- PROBLEM
Reproduce verbatim the lines of the material below, starting at the line with "doc.units = 0" and ending at the line with "for name, color, linetype, lineweight", both inclusive; skip the rest.

- PROVIDED INFORMATION
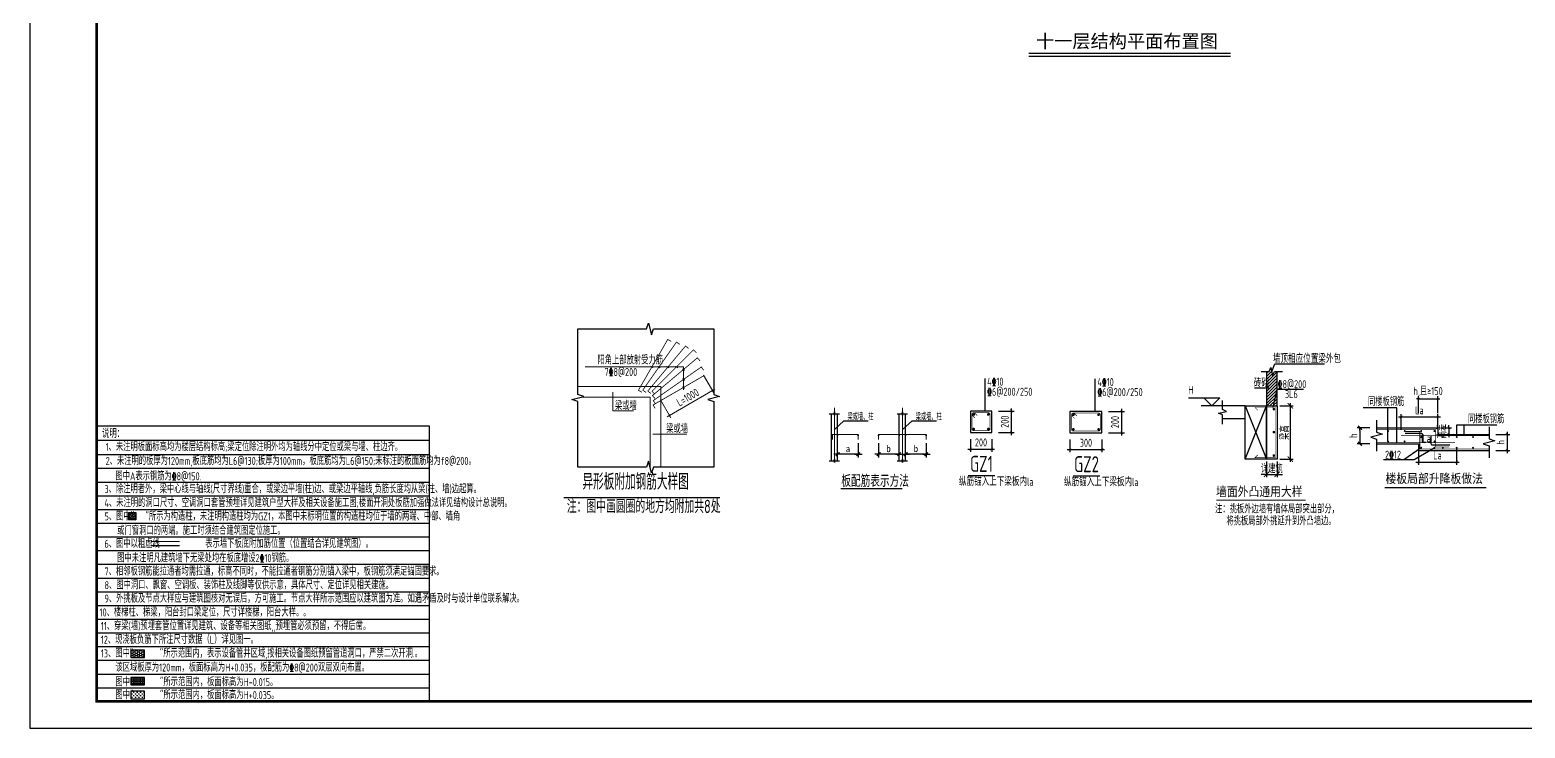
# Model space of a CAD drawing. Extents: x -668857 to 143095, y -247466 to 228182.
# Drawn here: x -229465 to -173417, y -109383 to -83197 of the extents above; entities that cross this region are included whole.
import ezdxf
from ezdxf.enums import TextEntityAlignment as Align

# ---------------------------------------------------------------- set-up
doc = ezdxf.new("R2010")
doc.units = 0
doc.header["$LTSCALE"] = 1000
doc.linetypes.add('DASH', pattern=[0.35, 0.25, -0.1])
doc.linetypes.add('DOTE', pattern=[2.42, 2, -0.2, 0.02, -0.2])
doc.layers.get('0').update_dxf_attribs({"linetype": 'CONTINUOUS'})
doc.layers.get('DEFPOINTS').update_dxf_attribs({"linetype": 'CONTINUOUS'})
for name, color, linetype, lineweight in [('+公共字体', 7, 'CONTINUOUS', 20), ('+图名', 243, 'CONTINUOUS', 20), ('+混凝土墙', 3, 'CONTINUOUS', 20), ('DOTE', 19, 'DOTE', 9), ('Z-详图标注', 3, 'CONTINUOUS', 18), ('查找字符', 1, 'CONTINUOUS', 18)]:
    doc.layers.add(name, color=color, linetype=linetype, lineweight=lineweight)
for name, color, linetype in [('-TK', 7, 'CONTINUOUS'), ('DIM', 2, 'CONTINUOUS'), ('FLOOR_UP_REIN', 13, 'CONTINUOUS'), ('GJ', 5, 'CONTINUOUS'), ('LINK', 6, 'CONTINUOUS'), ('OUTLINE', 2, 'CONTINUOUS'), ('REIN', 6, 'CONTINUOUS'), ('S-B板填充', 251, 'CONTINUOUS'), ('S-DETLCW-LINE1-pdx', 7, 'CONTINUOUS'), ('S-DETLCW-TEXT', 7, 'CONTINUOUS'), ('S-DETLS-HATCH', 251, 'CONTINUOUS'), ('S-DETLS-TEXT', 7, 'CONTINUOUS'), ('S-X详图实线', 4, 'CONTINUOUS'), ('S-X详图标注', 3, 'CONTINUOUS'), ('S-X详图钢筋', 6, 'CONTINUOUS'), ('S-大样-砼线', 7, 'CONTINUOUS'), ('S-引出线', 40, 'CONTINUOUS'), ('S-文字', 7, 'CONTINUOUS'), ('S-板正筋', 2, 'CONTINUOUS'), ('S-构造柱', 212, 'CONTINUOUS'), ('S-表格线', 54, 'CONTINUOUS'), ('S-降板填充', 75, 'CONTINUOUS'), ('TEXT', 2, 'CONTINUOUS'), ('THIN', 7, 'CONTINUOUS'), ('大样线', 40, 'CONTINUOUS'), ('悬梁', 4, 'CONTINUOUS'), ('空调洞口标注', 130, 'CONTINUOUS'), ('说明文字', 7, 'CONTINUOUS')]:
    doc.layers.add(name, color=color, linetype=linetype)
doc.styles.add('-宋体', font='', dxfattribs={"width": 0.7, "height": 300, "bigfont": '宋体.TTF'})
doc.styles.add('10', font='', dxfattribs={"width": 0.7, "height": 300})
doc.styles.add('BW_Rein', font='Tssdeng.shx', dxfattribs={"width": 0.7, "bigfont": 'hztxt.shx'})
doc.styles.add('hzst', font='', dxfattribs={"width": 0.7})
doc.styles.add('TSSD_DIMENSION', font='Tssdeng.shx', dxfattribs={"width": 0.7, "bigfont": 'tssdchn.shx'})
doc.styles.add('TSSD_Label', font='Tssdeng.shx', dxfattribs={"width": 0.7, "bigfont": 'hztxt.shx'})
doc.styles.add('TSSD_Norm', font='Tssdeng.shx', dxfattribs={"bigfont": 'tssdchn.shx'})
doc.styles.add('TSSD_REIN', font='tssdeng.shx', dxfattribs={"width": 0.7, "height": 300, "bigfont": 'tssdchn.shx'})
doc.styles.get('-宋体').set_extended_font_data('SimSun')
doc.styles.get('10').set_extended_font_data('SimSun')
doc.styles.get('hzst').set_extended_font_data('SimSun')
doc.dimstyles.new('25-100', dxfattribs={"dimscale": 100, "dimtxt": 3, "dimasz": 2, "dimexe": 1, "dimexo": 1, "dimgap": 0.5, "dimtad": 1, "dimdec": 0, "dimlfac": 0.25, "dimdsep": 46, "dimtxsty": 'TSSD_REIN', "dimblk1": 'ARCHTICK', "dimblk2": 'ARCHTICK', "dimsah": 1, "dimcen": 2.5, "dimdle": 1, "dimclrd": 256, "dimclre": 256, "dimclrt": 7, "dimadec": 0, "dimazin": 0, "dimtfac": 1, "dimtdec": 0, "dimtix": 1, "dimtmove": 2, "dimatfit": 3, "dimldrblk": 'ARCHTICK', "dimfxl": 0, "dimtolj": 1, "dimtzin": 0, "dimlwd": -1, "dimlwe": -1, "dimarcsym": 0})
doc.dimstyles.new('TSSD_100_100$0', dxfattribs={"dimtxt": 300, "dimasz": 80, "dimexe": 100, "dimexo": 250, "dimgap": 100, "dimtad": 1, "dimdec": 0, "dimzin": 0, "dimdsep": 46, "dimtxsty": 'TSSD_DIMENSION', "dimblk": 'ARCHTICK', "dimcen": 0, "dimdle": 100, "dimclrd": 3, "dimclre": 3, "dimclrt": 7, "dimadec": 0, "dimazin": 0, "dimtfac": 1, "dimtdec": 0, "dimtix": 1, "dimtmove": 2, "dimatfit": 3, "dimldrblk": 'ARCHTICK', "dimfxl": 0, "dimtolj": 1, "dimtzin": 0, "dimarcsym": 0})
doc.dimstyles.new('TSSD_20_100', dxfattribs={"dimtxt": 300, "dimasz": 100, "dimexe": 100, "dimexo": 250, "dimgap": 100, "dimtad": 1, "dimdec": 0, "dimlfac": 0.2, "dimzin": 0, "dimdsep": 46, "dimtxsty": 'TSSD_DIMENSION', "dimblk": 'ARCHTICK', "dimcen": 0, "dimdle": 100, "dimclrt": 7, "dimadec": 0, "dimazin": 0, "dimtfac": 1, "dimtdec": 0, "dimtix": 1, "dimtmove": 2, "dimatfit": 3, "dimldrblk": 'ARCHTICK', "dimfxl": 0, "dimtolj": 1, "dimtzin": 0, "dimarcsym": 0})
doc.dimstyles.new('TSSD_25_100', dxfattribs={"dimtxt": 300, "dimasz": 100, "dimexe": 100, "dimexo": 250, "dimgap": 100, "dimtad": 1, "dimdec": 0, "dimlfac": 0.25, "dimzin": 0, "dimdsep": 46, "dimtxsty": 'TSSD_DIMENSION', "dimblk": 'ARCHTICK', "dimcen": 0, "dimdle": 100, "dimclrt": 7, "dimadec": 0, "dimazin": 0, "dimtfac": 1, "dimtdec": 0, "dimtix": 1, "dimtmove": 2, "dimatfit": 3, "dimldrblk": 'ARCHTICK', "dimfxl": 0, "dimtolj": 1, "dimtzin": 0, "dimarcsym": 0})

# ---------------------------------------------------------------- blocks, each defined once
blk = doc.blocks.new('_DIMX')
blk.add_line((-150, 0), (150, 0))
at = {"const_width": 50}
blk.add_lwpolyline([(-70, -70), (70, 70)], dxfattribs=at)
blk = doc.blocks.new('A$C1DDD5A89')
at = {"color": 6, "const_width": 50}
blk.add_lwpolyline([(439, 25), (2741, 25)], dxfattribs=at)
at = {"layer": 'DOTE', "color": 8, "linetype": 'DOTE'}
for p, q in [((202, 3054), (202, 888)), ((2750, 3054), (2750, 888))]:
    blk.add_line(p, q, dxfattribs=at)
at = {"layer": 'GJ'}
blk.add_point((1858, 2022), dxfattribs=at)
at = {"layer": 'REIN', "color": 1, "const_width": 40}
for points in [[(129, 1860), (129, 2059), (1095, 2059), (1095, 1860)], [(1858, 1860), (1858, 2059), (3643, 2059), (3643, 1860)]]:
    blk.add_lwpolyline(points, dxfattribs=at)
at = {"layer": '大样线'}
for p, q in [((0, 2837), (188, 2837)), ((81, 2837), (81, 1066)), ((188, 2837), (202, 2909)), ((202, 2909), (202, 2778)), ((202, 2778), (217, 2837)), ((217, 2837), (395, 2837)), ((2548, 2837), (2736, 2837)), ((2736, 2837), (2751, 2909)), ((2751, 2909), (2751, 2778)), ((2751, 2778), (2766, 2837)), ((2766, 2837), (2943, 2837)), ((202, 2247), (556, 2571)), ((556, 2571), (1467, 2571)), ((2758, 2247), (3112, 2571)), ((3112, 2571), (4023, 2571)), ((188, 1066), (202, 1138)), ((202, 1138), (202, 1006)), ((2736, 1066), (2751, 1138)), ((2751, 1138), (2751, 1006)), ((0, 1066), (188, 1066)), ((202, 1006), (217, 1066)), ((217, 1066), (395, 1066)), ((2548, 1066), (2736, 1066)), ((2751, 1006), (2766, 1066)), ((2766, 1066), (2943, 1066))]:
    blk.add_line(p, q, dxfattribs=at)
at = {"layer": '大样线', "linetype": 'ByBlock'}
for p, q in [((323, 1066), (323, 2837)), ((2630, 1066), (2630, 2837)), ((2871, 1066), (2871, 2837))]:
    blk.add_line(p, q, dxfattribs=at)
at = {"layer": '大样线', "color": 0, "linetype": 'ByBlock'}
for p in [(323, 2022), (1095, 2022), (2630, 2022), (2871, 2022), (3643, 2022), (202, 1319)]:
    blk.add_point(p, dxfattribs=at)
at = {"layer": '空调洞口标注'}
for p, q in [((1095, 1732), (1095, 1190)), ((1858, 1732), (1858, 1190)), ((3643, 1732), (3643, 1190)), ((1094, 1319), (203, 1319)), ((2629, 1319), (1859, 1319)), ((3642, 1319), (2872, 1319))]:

- EXERCISE SOLUTION
doc.units = 0
doc.header["$LTSCALE"] = 1000
doc.linetypes.add('DASH', pattern=[0.35, 0.25, -0.1])
doc.linetypes.add('DOTE', pattern=[2.42, 2, -0.2, 0.02, -0.2])
doc.layers.get('0').update_dxf_attribs({"linetype": 'CONTINUOUS'})
doc.layers.get('DEFPOINTS').update_dxf_attribs({"linetype": 'CONTINUOUS'})
for name, color, linetype, lineweight in [('+公共字体', 7, 'CONTINUOUS', 20), ('+图名', 243, 'CONTINUOUS', 20), ('+混凝土墙', 3, 'CONTINUOUS', 20), ('DOTE', 19, 'DOTE', 9), ('Z-详图标注', 3, 'CONTINUOUS', 18), ('查找字符', 1, 'CONTINUOUS', 18)]:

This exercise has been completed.